If you can gain enough control in your dreams to make descisions, then face them head on, whilst remembering that this is only a dream and nothing in it can hurt you. This should stop the nightmares for good  :smiley:

----------


## mark

:Eek:  :Eek: 

Oh my god man!! I have the biggest phobia of bees and wasps and stuff. I litreally run if I get within a few meters of them.  ::shock:: 

I know the feeling you talk about in dreams they are scary as hell....and yeah it really does hurt. I cant say the pain carries over into real life thats bad man I feel for you there like

----------


## Redrivertears

Hey there,

The reason the stings hurt is because your mind is expecting them too. Most likely when you get stung in the dream you're focussing your attention on it and your mind creates the corresponding sensations based on the association it has learned.

In lucid dreams however, you can overwrite this automatic reflex. In my dreams I tend to get shot at from time to time. Originally I would just decide that shooting me wouldn't hurt me, but I'd still be focussing my attention on the getting shot while it happened (trying to 'not feel anything'). This worked to some extend but there was still a dull pain quite often. Later on as I began to understand my dreams better, I learned it was better to simply ignore the shots altogether, and I felt no more pain.
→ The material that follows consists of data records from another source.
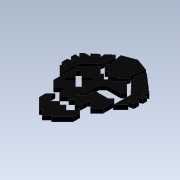
# Autodesk Inventor part: New Logo
Saved by Autodesk Inventor 2020 (Build 240168000, 168)
## iProperties
Created: 2021-10-28
Part Number: New Logo
Material: Generic
Document SubType Name: Modeling
Designer: Turing
Density: 1 g/cm^3
Appearance: Black Control Joints
Author: Turing
Autodesk Inventor part; units mm, degrees
ref_plane "YZ Plane" through (0, 0, 0) normal (1, 0, 0) x (0, 1, 0)
ref_plane "XZ Plane" through (0, 0, 0) normal (0, 1, 0) x (-1, 0, 0)
ref_plane "XY Plane" through (0, 0, 0) normal (0, 0, 1) x (1, 0, 0)
sketch "Sketch1" plane through (0, 0, 0) normal (0, 1, 0) x (-1, 0, 0)
  line L0 (0, 0) -> (-7.0711, -7.0711)
  line L1 (0, 0) -> (7.0711, -7.0711)
  line L2 (0, 0) -> (-1, 0)
  line L3 (7.0711, -7.0711) -> (17.6777, 3.5355)
  line L4 (-7.0711, -7.0711) -> (-17.6777, 3.5355)
  line L5 (0, 0) -> (0, 5)
  line L6 (0, 5) -> (7.0711, -2.0711)
  line L7 (7.0711, -2.0711) -> (17.6777, 8.5355)
  line L8 (0, 5) -> (-7.0711, -2.0711)
  line L9 (-7.0711, -2.0711) -> (-17.6777, 8.5355)
  line L10 (17.6777, 3.5355) -> (24.7487, -3.5355)
  line L11 (-17.6777, 3.5355) -> (-24.7487, -3.5355)
  line L12 (17.6777, 8.5355) -> (28.2843, -2.0711)
  line L13 (-17.6777, 8.5355) -> (-28.2843, -2.0711)
  line L14 (24.7487, -3.5355) -> (24.7487, -18.5355)
  line L15 (-24.7487, -3.5355) -> (-24.7487, -18.5355)
  line L16 (28.2843, -2.0711) -> (28.2843, -12.0711)
  line L17 (-28.2843, -2.0711) -> (-28.2843, -12.0711)
  line L18 (28.2843, -12.0711) -> (38.8909, -1.4645)
  line L19 (-28.2843, -12.0711) -> (-38.8909, -1.4645)
  line L20 (38.8909, -1.4645) -> (38.8909, 13.5355)
  line L21 (38.8909, 13.5355) -> (17.6777, 34.7487)
  line L22 (-38.8909, -1.4645) -> (-38.8909, 13.5355)
  line L23 (-38.8909, 13.5355) -> (-17.6777, 34.7487)
  line L24 (-17.6777, 34.7487) -> (17.6777, 34.7487)
  line L25 (24.7487, -18.5355) -> (28.2843, -22.0711)
  line L26 (28.2843, -22.0711) -> (42.4264, -7.9289)
  line L27 (-24.7487, -18.5355) -> (-28.2843, -22.0711)
  line L28 (-28.2843, -22.0711) -> (-42.4264, -7.9289)
  line L29 (17.6777, 34.7487) -> (14.1421, 38.2843)
  line L30 (14.1421, 38.2843) -> (10.6066, 34.7487)
  line L31 (0, 34.7487) -> (0, 45.7487)
  line L32 (10.6066, 34.7487) -> (0, 34.7487)
  line L33 (5.3033, 34.7487) -> (0, 34.7487)
  line L34 (0, 45.7487) -> (10.6066, 34.7487)
  line L35 (-17.6777, 34.7487) -> (-14.1421, 38.2843)
  line L36 (-14.1421, 38.2843) -> (-10.6066, 34.7487)
  line L37 (0, 45.7487) -> (-10.6066, 34.7487)
  line L38 (-42.4264, -7.9289) -> (-56.5685, -22.0711)
  line L39 (42.4264, -7.9289) -> (56.5685, -22.0711)
  line L40 (0, 0) -> (0, -18.5355)
  line L41 (0, -18.5355) -> (-10.6066, -29.1421)
  line L42 (-10.6066, -29.1421) -> (-10.6066, -44.1421)
  line L43 (-10.6066, -44.1421) -> (-14.1421, -47.6777)
  line L44 (-56.5685, -22.0711) -> (-56.5685, -47.6777)
  line L45 (-14.1421, -47.6777) -> (-56.5685, -47.6777)
  line L46 (-56.5685, -47.6777) -> (-49.4975, -54.7487)
  line L47 (-49.4975, -54.7487) -> (-42.4264, -47.6777)
  line L48 (-56.5685, -47.6777) -> (-52.6777, -47.6777)
  line L49 (-47.6777, -47.6777) -> (-42.4264, -47.6777)
  line L50 (-10.6066, -36.8853) -> (-5.6066, -36.8853)
  line L51 (-6.1919, -24.7274) -> (-2.6564, -28.263)
  line L52 (-5.6066, -36.8853) -> (-5.6066, -31.2132)
  line L53 (-5.6066, -31.2132) -> (-2.6564, -28.263)
  line L54 (0, -18.5355) -> (0, -25.6066)
  line L55 (0, -25.6066) -> (-2.6564, -28.263)
  line L56 (-5.6066, -36.8853) -> (-5.6066, -44.1422)
  line L57 (-5.6066, -44.1422) -> (-5.6066, -64.1422)
  line L58 (-5.6066, -64.1422) -> (-14.1421, -72.6777)
  line L59 (-14.1421, -72.6777) -> (-46.6651, -72.6777)
  line L60 (-46.6651, -72.6777) -> (-53.6117, -79.6243)
  line L61 (56.5685, -22.0711) -> (56.5685, -47.6777)
  line L62 (42.4264, -7.9289) -> (42.4264, -47.6786)
  line L63 (17.6777, 3.5355) -> (17.6777, -47.6786)
  line L64 (17.6777, -47.6786) -> (10.6066, -54.7497)
  line L65 (42.4264, -47.6786) -> (49.4975, -54.7497)
  line L66 (17.6777, -47.6786) -> (30.052, -60.053)
  line L67 (30.052, -60.053) -> (42.4264, -47.6786)
  line L68 (10.6066, -54.7497) -> (30.052, -74.1951)
  line L69 (30.052, -74.1951) -> (49.4975, -54.7497)
  line L70 (56.5685, -47.6777) -> (56.5685, -76.6674)
  line L71 (0, -25.6066) -> (0, -125.6066)
  line L72 (56.5685, -76.6674) -> (30.052, -103.1839)
  line L73 (30.052, -103.1839) -> (30.052, -74.1951)
  line L74 (30.052, -103.1839) -> (0, -103.1839)
  line L75 (0, -103.1839) -> (-30.052, -103.1839)
  line L76 (-53.6117, -79.6243) -> (-30.052, -103.1839)
  line L77 (30.052, -103.1839) -> (0, -73.1319)
  line L78 (-30.052, -103.1839) -> (0, -73.1319)
  line L79 (0, -73.1319) -> (0, -88.1319)
  line L80 (15.026, -88.1579) -> (11.4905, -91.6934)
  line L81 (11.4905, -91.6934) -> (0, -80.2029)
  line L82 (0, -80.2029) -> (-11.4905, -91.6934)
  line L83 (-11.4905, -91.6934) -> (-15.026, -88.1579)
  line L84 (0, -80.2029) -> (0, -85.2029)
  line L85 (0, -85.2029) -> (10.6066, -95.8095)
  line L86 (0, -85.2029) -> (-10.6066, -95.8095)
  line L87 (-10.6066, -95.8095) -> (-14.1421, -92.274)
  line L88 (10.6066, -95.8095) -> (14.1421, -92.274)
  line L89 (14.1421, -92.274) -> (26.87, -105.002)
  line L90 (-14.1421, -92.274) -> (-26.87, -105.002)
  line L91 (-26.87, -105.002) -> (-26.87, -110.002)
  line L92 (26.87, -105.002) -> (26.87, -110.002)
  line L93 (-26.87, -105.002) -> (-30.052, -105.002)
  line L94 (26.87, -110.002) -> (23.3345, -113.5375)
  line L95 (-26.87, -110.002) -> (-23.3345, -113.5375)
  line L96 (23.3345, -113.5375) -> (-23.3345, -113.5375)
  line L97 (0, -113.5375) -> (23.3345, -113.5375)
  line L98 (0, -113.5375) -> (-23.3345, -113.5375)
  line L99 (23.3345, -113.5375) -> (28.5439, -143.0817)
  line L100 (28.5439, -143.0817) -> (-1.5262, -154.0264)
  line L101 (-23.3345, -113.5375) -> (-28.5439, -143.0817)
  line L102 (-28.5439, -143.0817) -> (1.5262, -154.0264)
  line L103 (1.5262, -154.0264) -> (-1.5262, -154.0264)
  point P0 (0, -153.4709)
  dimension "d0" = 10
  dimension "d1" = 90
  dimension "d2" = 45
  dimension "d3" = 1
  dimension "d4" = 15
  dimension "d5" = 90
  dimension "d6" = 10
  dimension "d7" = 15
  dimension "d8" = 90
  dimension "d9" = 5
  dimension "d10" = 10
  dimension "d11" = 45
  dimension "d12" = 15
  dimension "d13" = 10
  dimension "d14" = 45
  dimension "d15" = 15
  dimension "d16" = 90
  dimension "d17" = 10
  dimension "d18" = 90
  dimension "d19" = 10
  dimension "d20" = 90
  dimension "d21" = 15
  dimension "d22" = 90
  dimension "d23" = 15
  dimension "d24" = 90
  dimension "d25" = 15
  dimension "d26" = 15
  dimension "d27" = 10
  dimension "d28" = 15
  dimension "d29" = 45
  dimension "d30" = 15
  dimension "d31" = 45
  dimension "d32" = 10
  dimension "d33" = 15
  dimension "d34" = 135
  dimension "d35" = 30
  dimension "d36" = 30
  dimension "d37" = 135
  dimension "d38" = 5
  dimension "d39" = 135
  dimension "d40" = 90
  dimension "d41" = 20
  dimension "d42" = 5
  dimension "d43" = 20
  dimension "d44" = 135
  dimension "d45" = 5
  dimension "d46" = 11
  dimension "d47" = 5
  dimension "d48" = 45
  dimension "d49" = 5
  dimension "d50" = 90
  dimension "d51" = 20
  dimension "d52" = 20
  dimension "d53" = 90
  dimension "d54" = 15
  dimension "d55" = 15
  dimension "d56" = 5
  dimension "d57" = 135
  dimension "d58" = 18.5355
  dimension "d59" = 10
  dimension "d60" = 10
  dimension "d61" = 45
  dimension "d62" = 45
  dimension "d63" = 3.8909
  constraints: 208 end point, 18 vertical, 16 point on line, 13 perpendicular, 8 horizontal, 5 collinear, 5 midpoint, 3 parallel
  measures "d0" distance of L0.start L0.end
  measures "d1" angle of L0 L1
  measures "d2" angle of L0 L2
  measures "d3" distance of L0.start L2.end
  measures "d4" distance of L1.end L3.end
  measures "d5" angle of L1 L3
  measures "d6" distance of L0.start L1.end
  measures "d7" distance of L0.end L4.end
  measures "d8" angle of L4 L0
  measures "d9" distance of L0.start L5.end
  measures "d10" distance of L5.end L6.end
  measures "d11" angle of L5 L6
  measures "d12" distance of L6.end L7.end
  measures "d13" distance of L5.end L8.end
  measures "d14" angle of L5 L8
  measures "d15" distance of L8.end L9.end
  measures "d16" angle of L6 L7
  measures "d17" distance of L3.end L10.end
  measures "d18" angle of L3 L10
  measures "d19" distance of L4.end L11.end
  measures "d20" angle of L11 L4
  measures "d21" distance of L7.end L12.end
  measures "d22" angle of L7 L12
  measures "d23" distance of L9.end L13.end
  measures "d24" angle of L13 L9
  measures "d25" distance of L10.end L14.end
  measures "d26" distance of L11.end L15.end
  measures "d27" distance of L12.end L16.end
  measures "d28" distance of L16.end L18.end
  measures "d29" angle of L16 L18
  measures "d30" distance of L17.end L19.end
  measures "d31" angle of L19 L17
  measures "d32" distance of L13.end L17.end
  measures "d33" distance of L18.end L20.end
  measures "d34" angle of L20 L21
  measures "d35" distance of L20.end L21.end
  measures "d36" distance of L22.end L23.end
  measures "d37" angle of L22 L23
  measures "d38" distance of L14.end L25.end
  measures "d39" angle of L25 L14
  measures "d40" angle of L25 L26
  measures "d41" distance of L25.end L26.end
  measures "d42" distance of L15.end L27.end
  measures "d43" distance of L27.end L28.end
  measures "d44" angle of L15 L27
  measures "d45" distance of L21.end L29.end
  measures "d46" distance of L31.start L31.end
  measures "d47" distance of L23.end L35.end
  measures "d48" angle of L24 L35
  measures "d49" distance of L35.end L36.end
  measures "d50" angle of L38 L28
  measures "d51" distance of L28.end L38.end
  measures "d52" distance of L26.end L39.end
  measures "d53" angle of L26 L39
  measures "d54" distance of L40.end L41.end
  measures "d55" distance of L41.end L42.end
  measures "d56" distance of L42.end L43.end
  measures "d57" angle of L42 L41
  measures "d58" distance of L0.start L40.end
  measures "d59" distance of L46.end L47.end
  measures "d60" distance of L44.end L46.end
  measures "d61" angle of L49 L47
  measures "d62" angle of L46 L45
  measures "d63" distance of L48.end L44.end
extrude "Extrusion1" add sketch "Sketch1" along normal blind 10 contours L40 L41 L42 L43 L45 L44 L38 L28 L27 L15 L11 L4 L0 | L8 L9 L13 L17 L19 L22 L23 L24 L21 L20 L18 L16 L12 L7 L6 | L1 L3 L63 L64 L68 L73 L77 L71 L54 L40 | L10 L14 L25 L26 L62 L67 L66 L63 | L71 L78 L76 L60 L59 L58 L57 L56 L52 L53 L55 | L77 L80 L81 L71 | L71 L82 L83 L78 | L69 L65 L62 L39 L61 L70 L72 L73 | L85 L88 L89 L74 L71 | L71 L75 L90 L87 L86 | L89 L92 L94 L96 L71 L74 | L75 L71 L96 L95 L91 L90 | L47 L46 L45 | L24 L30 L29 | L35 L36 L24 | L96 L99 L100 L102 L101 | L24 L31 L34 | L37 L31 L24
sketch "Sketch2" plane through (0, 10, 0) normal (0, 1, 0) x (1, 0, 0)
  line L0 (14.1421, 47.6777) -> (10.6066, 44.1421) projected
  line L1 (10.6066, 44.1421) -> (10.6066, 29.1421) projected
  line L2 (10.6066, 29.1421) -> (0, 18.5355) projected
  line L3 (0, 18.5355) -> (0, 25.6066) projected
  line L4 (0, 25.6066) -> (5.6066, 31.2132) projected
  line L5 (5.6066, 31.2132) -> (5.6066, 64.1422) projected
  line L6 (5.6066, 64.1422) -> (14.1421, 72.6777) projected
  line L7 (14.1421, 72.6777) -> (46.6651, 72.6777) projected
  line L8 (46.6651, 72.6777) -> (53.6117, 79.6243) projected
  line L9 (53.6117, 79.6243) -> (30.052, 103.1839) projected
  line L10 (30.052, 103.1839) -> (15.026, 88.1579) projected
  line L11 (15.026, 88.1579) -> (11.4905, 91.6934) projected
  line L12 (11.4905, 91.6934) -> (0, 80.2029) projected
  line L13 (0, 80.2029) -> (-11.4905, 91.6934) projected
  line L14 (-11.4905, 91.6934) -> (-15.026, 88.1579) projected
  line L15 (-15.026, 88.1579) -> (-30.052, 103.1839) projected
  line L16 (-30.052, 103.1839) -> (-56.5685, 76.6674) projected
  line L17 (-56.5685, 76.6674) -> (-56.5685, 22.0711) projected
  line L18 (-56.5685, 22.0711) -> (-42.4264, 7.9289) projected
  line L19 (-42.4264, 7.9289) -> (-28.2843, 22.0711) projected
  line L20 (-28.2843, 22.0711) -> (-24.7487, 18.5355) projected
  line L21 (-24.7487, 18.5355) -> (-24.7487, 3.5355) projected
  line L22 (-24.7487, 3.5355) -> (-17.6777, -3.5355) projected
  line L23 (-17.6777, -3.5355) -> (-7.0711, 7.0711) projected
  line L24 (-7.0711, 7.0711) -> (0, 0) projected
  line L25 (0, 0) -> (7.0711, 7.0711) projected
  line L26 (7.0711, 7.0711) -> (17.6777, -3.5355) projected
  line L27 (17.6777, -3.5355) -> (24.7487, 3.5355) projected
  line L28 (24.7487, 3.5355) -> (24.7487, 18.5355) projected
  line L29 (24.7487, 18.5355) -> (28.2843, 22.0711) projected
  line L30 (28.2843, 22.0711) -> (42.4264, 7.9289) projected
  line L31 (42.4264, 7.9289) -> (56.5685, 22.0711) projected
  line L32 (56.5685, 22.0711) -> (56.5685, 47.6777) projected
  line L33 (56.5685, 47.6777) -> (49.4975, 54.7487) projected
  line L34 (49.4975, 54.7487) -> (42.4264, 47.6777) projected
  line L35 (42.4264, 47.6777) -> (14.1421, 47.6777) projected
  line L36 (-30.052, 60.053) -> (-42.4264, 47.6786) projected
  line L37 (-42.4264, 47.6786) -> (-49.4975, 54.7497) projected
  line L38 (-49.4975, 54.7497) -> (-30.052, 74.1951) projected
  line L39 (-30.052, 74.1951) -> (-10.6066, 54.7497) projected
  line L40 (-10.6066, 54.7497) -> (-17.6777, 47.6786) projected
  line L41 (-17.6777, 47.6786) -> (-30.052, 60.053) projected
  line L42 (-49.4975, 40.6075) -> (-42.4264, 33.5365)
  line L43 (-30.052, 45.9108) -> (-42.4264, 33.5365)
  line L44 (-30.052, 45.9108) -> (-17.6777, 33.5365)
  line L45 (-10.6066, 40.6075) -> (-17.6777, 33.5365)
  line L46 (-10.6066, 40.6075) -> (-30.052, 60.053)
  line L47 (-30.052, 60.053) -> (-49.4975, 40.6075)
  line L48 (-10.6066, 65.3563) -> (-17.6777, 72.4273)
  line L49 (-30.052, 60.053) -> (-17.6777, 72.4273)
  line L50 (-30.052, 60.053) -> (-42.4264, 72.4273)
  line L51 (-49.4975, 65.3563) -> (-42.4264, 72.4273)
  line L52 (-49.4975, 65.3563) -> (-30.052, 45.9108)
  line L53 (-30.052, 45.9108) -> (-10.6066, 65.3563)
  point P0 (-15.9099, 60.053)
  point P1 (-22.981, 52.9819)
  point P2 (-37.1231, 67.124)
  point P3 (-22.981, 67.124)
  point P4 (-37.1231, 52.9819)
  point P5 (-44.1942, 60.053)
  constraints: 24 end point, 4 parallel, 2 perpendicular
extrude "Extrusion2" add sketch "Sketch2" against normal up to surface (10 mm away) contours L50 L38 L39 L49 | L36 L37 L38 L52 | L53 L39 L40 L41
extrude "Extrusion3" cut sketch "Sketch2" against normal up to surface (10 mm away) contours L41 L53 L52 L36 | L52 L43 L42 L47 L36 | L41 L46 L45 L44 L53 | L49 L48 L53 L39 | L38 L52 L51 L50
sketch "Sketch3" plane through (0, 10, 0) normal (0, 1, 0) x (1, 0, 0)
  line L0 (-38.8909, 1.4645) -> (-38.8909, -13.5355) projected
  line L1 (-38.8909, -13.5355) -> (-14.1421, -38.2843) projected
  line L2 (-14.1421, -38.2843) -> (-10.6066, -34.7487) projected
  line L3 (-10.6066, -34.7487) -> (0, -45.7487) projected
  line L4 (0, -45.7487) -> (10.6066, -34.7487) projected
  line L5 (10.6066, -34.7487) -> (14.1421, -38.2843) projected
  line L6 (14.1421, -38.2843) -> (38.8909, -13.5355) projected
  line L7 (38.8909, -13.5355) -> (38.8909, 1.4645) projected
  line L8 (38.8909, 1.4645) -> (28.2843, 12.0711) projected
  line L9 (28.2843, 12.0711) -> (28.2843, 2.0711) projected
  line L10 (28.2843, 2.0711) -> (17.6777, -8.5355) projected
  line L11 (17.6777, -8.5355) -> (7.0711, 2.0711) projected
  line L12 (7.0711, 2.0711) -> (0, -5) projected
  line L13 (0, -5) -> (-7.0711, 2.0711) projected
  line L14 (-7.0711, 2.0711) -> (-17.6777, -8.5355) projected
  line L15 (-17.6777, -8.5355) -> (-28.2843, 2.0711) projected
  line L16 (-28.2843, 2.0711) -> (-28.2843, 12.0711) projected
  line L17 (-28.2843, 12.0711) -> (-38.8909, 1.4645) projected
  line L18 (-38.8909, -28.3888) -> (-38.8909, -13.5355)
  line L19 (-28.2843, -2.9289) -> (-38.8909, -13.5355)
  line L20 (-28.2843, -2.9289) -> (-28.2843, -12.9289)
  line L21 (-28.2843, -12.9289) -> (-17.6777, -23.5355)
  line L22 (-7.0711, -12.9289) -> (-17.6777, -23.5355)
  line L23 (-7.0711, -12.9289) -> (0, -20)
  line L24 (7.0711, -12.9289) -> (0, -20)
  line L25 (7.0711, -12.9289) -> (17.6777, -23.5355)
  line L26 (17.6777, -23.5355) -> (28.2843, -12.9289)
  line L27 (28.2843, -2.9289) -> (28.2843, -12.9289)
  line L28 (28.2843, -2.9289) -> (38.8909, -13.5355)
  line L29 (38.8909, -13.5355) -> (38.8909, -28.5355)
  line L30 (14.1421, -53.2843) -> (38.8909, -28.5355)
  line L31 (14.1421, -53.2843) -> (10.6066, -49.7487)
  line L32 (10.6066, -49.7487) -> (0, -60.7487)
  line L33 (-10.6066, -49.7487) -> (0, -60.7487)
  line L34 (-14.0688, -53.2109) -> (-10.6066, -49.7487)
  line L35 (-38.8909, -28.3888) -> (-14.0688, -53.2109)
  line L36 (26.87, 110.002) -> (23.3345, 113.5375) projected
  line L37 (23.3345, 113.5375) -> (28.5439, 143.0817) projected
  line L38 (28.5439, 143.0817) -> (0, 153.4709) projected
  line L39 (0, 153.4709) -> (-28.5439, 143.0817) projected
  line L40 (-28.5439, 143.0817) -> (-23.3345, 113.5375) projected
  line L41 (-23.3345, 113.5375) -> (-26.87, 110.002) projected
  line L42 (-26.87, 110.002) -> (-26.87, 105.002) projected
  line L43 (-26.87, 105.002) -> (-14.1421, 92.274) projected
  line L44 (-14.1421, 92.274) -> (-10.6066, 95.8095) projected
  line L45 (-10.6066, 95.8095) -> (0, 85.2029) projected
  line L46 (0, 85.2029) -> (10.6066, 95.8095) projected
  line L47 (10.6066, 95.8095) -> (14.1421, 92.274) projected
  line L48 (14.1421, 92.274) -> (26.87, 105.002) projected
  line L49 (26.87, 105.002) -> (26.87, 110.002) projected
  line L50 (-14.1421, 97.274) -> (-26.87, 110.002)
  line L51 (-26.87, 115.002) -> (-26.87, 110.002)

Armed with this knowledge, I would agree with Chris and advise you to try and confront your fear, turn towards the bees, ignore their stings, and just try and remain calm. The thing with fear is that it is often at it's strongest when we try to get away from it. Confronting the object of your fear and allowing yourself to just feel the fear and experiencing it often makes it fade away very quickly. Additionally, I tend to think this sort of 'facing your fear' in lucid dreams is psychologically very helpful. I did it once for an specific type of anxiety dream that kept reoccuring, and after having succesfully confronted the object of my fear, I never ever had the dream again.

Just my 2 cents,

-Redrivertears-

----------


## M45t3r

Hi
I agree with Redrivertears, if you expect to feel pain, then you will feel it, in one of my lucid dreams i got shot in the back of my head, i felt warm in that place, but i didn't felt the pain because i wasn't concentraiting(?) on it.
I felt bullet though ;P
And my friend had one lucid dream where he was fighting with american soldiers (battlefield 2 game) and then he realised that theres too much of them soo he started to run ! american soldiers started to shoot at him, bullets were flying above his head, and suddenly he concentrated on his leg and thought that he will be shot in that place. And guess what ? after few seconds he was shot in that place and felt extreme pain, even when he woke up :]
Soo my advise is to not to concentrate on pain, or you could try to shout very loud, and from your heart to those bees to leave you alone ! this helped very much  :smiley:

----------


## indescribable

Thanks for the replies and I will try to follow your advice.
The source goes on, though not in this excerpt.